===== Exercise data
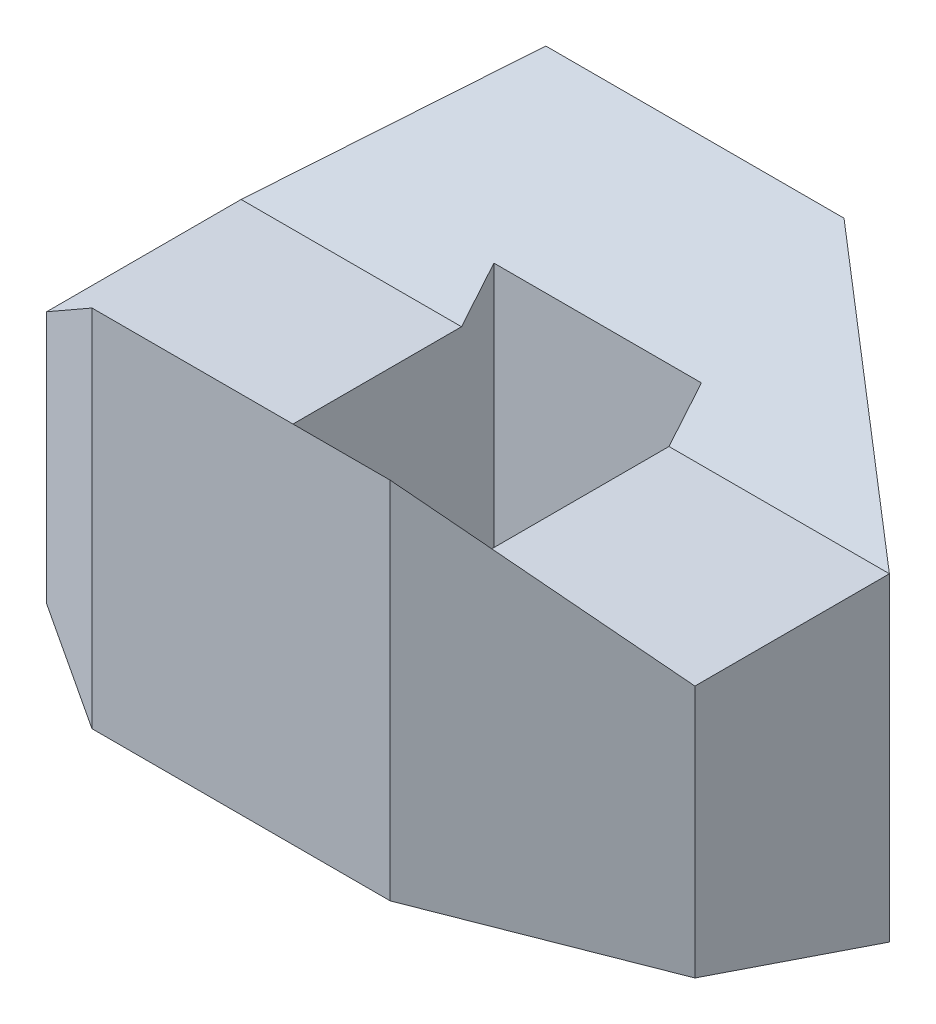
ISO-10303-21;
HEADER;
FILE_DESCRIPTION(('STEP AP214'),'2;1');
FILE_NAME('part.step','',(''),(''),'','','');
FILE_SCHEMA(('AUTOMOTIVE_DESIGN { 1 0 10303 214 1 1 1 1 }'));
ENDSEC;
DATA;
#1=APPLICATION_CONTEXT('core data for automotive mechanical design processes');
#2=APPLICATION_PROTOCOL_DEFINITION('international standard','automotive_design',2000,#1);
#3=PRODUCT_CONTEXT('',#1,'mechanical');
#4=PRODUCT('Part','Part','',(#3));
#5=PRODUCT_RELATED_PRODUCT_CATEGORY('part','',(#4));
#6=PRODUCT_DEFINITION_FORMATION('','',#4);
#7=PRODUCT_DEFINITION_CONTEXT('part definition',#1,'design');
#8=PRODUCT_DEFINITION('design','',#6,#7);
#9=PRODUCT_DEFINITION_SHAPE('','',#8);
#10=(LENGTH_UNIT() NAMED_UNIT(*) SI_UNIT(.MILLI.,.METRE.));
#11=(NAMED_UNIT(*) PLANE_ANGLE_UNIT() SI_UNIT($,.RADIAN.));
#12=(NAMED_UNIT(*) SI_UNIT($,.STERADIAN.) SOLID_ANGLE_UNIT());
#13=UNCERTAINTY_MEASURE_WITH_UNIT(LENGTH_MEASURE(1.E-05),#10,'distance_accuracy_value','');
#14=(GEOMETRIC_REPRESENTATION_CONTEXT(3) GLOBAL_UNCERTAINTY_ASSIGNED_CONTEXT((#13)) GLOBAL_UNIT_ASSIGNED_CONTEXT((#10,
#11,#12)) REPRESENTATION_CONTEXT('',''));
#15=CARTESIAN_POINT('',(0.,0.,0.));
#16=DIRECTION('',(0.,0.,1.));
#17=DIRECTION('',(1.,0.,0.));
#18=AXIS2_PLACEMENT_3D('',#15,#16,#17);
#19=CARTESIAN_POINT('',(0.,56.,0.));
#20=DIRECTION('',(0.,-1.,0.));
#21=DIRECTION('',(0.,0.,-1.));
#22=AXIS2_PLACEMENT_3D('',#19,#20,#21);
#23=PLANE('',#22);
#24=CARTESIAN_POINT('',(9.12162255450877E-08,56.,50.));
#25=DIRECTION('',(1.,0.,0.));
#26=VECTOR('',#25,1.);
#27=LINE('',#24,#26);
#28=CARTESIAN_POINT('',(9.12162255450877E-08,56.,50.));
#29=VERTEX_POINT('',#28);
#30=CARTESIAN_POINT('',(34.,56.,50.));
#31=VERTEX_POINT('',#30);
#32=EDGE_CURVE('E510',#29,#31,#27,.T.);
#33=ORIENTED_EDGE('',*,*,#32,.T.);
#34=DIRECTION('',(0.,0.,-1.));
#35=VECTOR('',#34,1.);
#36=CARTESIAN_POINT('',(34.,56.,0.));
#37=LINE('',#36,#35);
#38=CARTESIAN_POINT('',(34.,56.,20.));
#39=VERTEX_POINT('',#38);
#40=EDGE_CURVE('E714',#31,#39,#37,.T.);
#41=ORIENTED_EDGE('',*,*,#40,.T.);
#42=CARTESIAN_POINT('',(9.12162116672999E-08,56.,20.));
#43=DIRECTION('',(1.,0.,0.));
#44=VECTOR('',#43,1.);
#45=LINE('',#42,#44);
#46=CARTESIAN_POINT('',(9.12162142693851E-08,56.,20.));
#47=VERTEX_POINT('',#46);
#48=EDGE_CURVE('E293',#47,#39,#45,.T.);
#49=ORIENTED_EDGE('',*,*,#48,.F.);
#50=DIRECTION('',(0.,0.,-1.));
#51=VECTOR('',#50,1.);
#52=CARTESIAN_POINT('',(0.,55.9999999189189,0.));
#53=LINE('',#52,#51);
#54=EDGE_CURVE('E308',#29,#47,#53,.T.);
#55=ORIENTED_EDGE('',*,*,#54,.F.);
#56=EDGE_LOOP('',(#33,#41,#49,#55));
#57=FACE_BOUND('',#56,.T.);
#58=ADVANCED_FACE('F105',(#57),#23,.F.);
#59=CARTESIAN_POINT('',(59.3445527015057,0.,80.1151461470328));
#60=DIRECTION('',(0.595227550625738,0.,0.803557193344746));
#61=DIRECTION('',(0.803557193344746,0.,-0.595227550625738));
#62=AXIS2_PLACEMENT_3D('',#59,#60,#61);
#63=PLANE('',#62);
#64=DIRECTION('',(-0.787590523418659,0.198356131823959,0.583400387717525));
#65=VECTOR('',#64,1.);
#66=CARTESIAN_POINT('',(63.599945543038,26.1674211224941,76.9630033014533));
#67=LINE('',#66,#65);
#68=CARTESIAN_POINT('',(100.,17.,50.));
#69=VERTEX_POINT('',#68);
#70=CARTESIAN_POINT('',(73.,23.8,70.));
#71=VERTEX_POINT('',#70);
#72=EDGE_CURVE('E566',#69,#71,#67,.T.);
#73=ORIENTED_EDGE('',*,*,#72,.F.);
#74=CARTESIAN_POINT('',(100.,17.,50.));
#75=DIRECTION('',(0.,1.,0.));
#76=VECTOR('',#75,1.);
#77=LINE('',#74,#76);
#78=CARTESIAN_POINT('',(100.,55.999999918919,50.));
#79=VERTEX_POINT('',#78);
#80=EDGE_CURVE('E563',#69,#79,#77,.T.);
#81=ORIENTED_EDGE('',*,*,#80,.T.);
#82=DIRECTION('',(-0.653885296843961,0.581231376936029,0.484359479143675));
#83=VECTOR('',#82,1.);
#84=CARTESIAN_POINT('',(94.3624633970644,61.0111435829024,54.1759530392116));
#85=LINE('',#84,#83);
#86=CARTESIAN_POINT('',(73.,80.,70.));
#87=VERTEX_POINT('',#86);
#88=EDGE_CURVE('E298',#79,#87,#85,.T.);
#89=ORIENTED_EDGE('',*,*,#88,.T.);
#90=CARTESIAN_POINT('',(73.,23.8,70.));
#91=DIRECTION('',(0.,1.,0.));
#92=VECTOR('',#91,1.);
#93=LINE('',#90,#92);
#94=EDGE_CURVE('E483',#71,#87,#93,.T.);
#95=ORIENTED_EDGE('',*,*,#94,.F.);
#96=EDGE_LOOP('',(#73,#81,#89,#95));
#97=FACE_BOUND('',#96,.T.);
#98=ADVANCED_FACE('F403',(#97),#63,.T.);
#99=CARTESIAN_POINT('',(100.,0.,0.));
#100=DIRECTION('',(1.,0.,0.));
#101=DIRECTION('',(0.,0.,-1.));
#102=AXIS2_PLACEMENT_3D('',#99,#100,#101);
#103=PLANE('',#102);
#104=DIRECTION('',(0.,0.321902733238702,0.946772744819713));
#105=VECTOR('',#104,1.);
#106=CARTESIAN_POINT('',(100.,0.,0.));
#107=LINE('',#106,#105);
#108=CARTESIAN_POINT('',(100.,6.79999999999999,20.));
#109=VERTEX_POINT('',#108);
#110=EDGE_CURVE('E570',#109,#69,#107,.T.);
#111=ORIENTED_EDGE('',*,*,#110,.F.);
#112=CARTESIAN_POINT('',(100.,6.8,20.));
#113=DIRECTION('',(0.,1.,0.));
#114=VECTOR('',#113,1.);
#115=LINE('',#112,#114);
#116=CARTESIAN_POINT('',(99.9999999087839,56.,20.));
==========
## Your instructions
Please retype exactly the line containing "#103=PLANE('',#102);" and each line after it to the end of the records, and nothing more.

## Problem solution
#103=PLANE('',#102);
#104=DIRECTION('',(0.,0.321902733238702,0.946772744819713));
#105=VECTOR('',#104,1.);
#106=CARTESIAN_POINT('',(100.,0.,0.));
#107=LINE('',#106,#105);
#108=CARTESIAN_POINT('',(100.,6.79999999999999,20.));
#109=VERTEX_POINT('',#108);
#110=EDGE_CURVE('E570',#109,#69,#107,.T.);
#111=ORIENTED_EDGE('',*,*,#110,.F.);
#112=CARTESIAN_POINT('',(100.,6.8,20.));
#113=DIRECTION('',(0.,1.,0.));
#114=VECTOR('',#113,1.);
#115=LINE('',#112,#114);
#116=CARTESIAN_POINT('',(99.9999999087839,56.,20.));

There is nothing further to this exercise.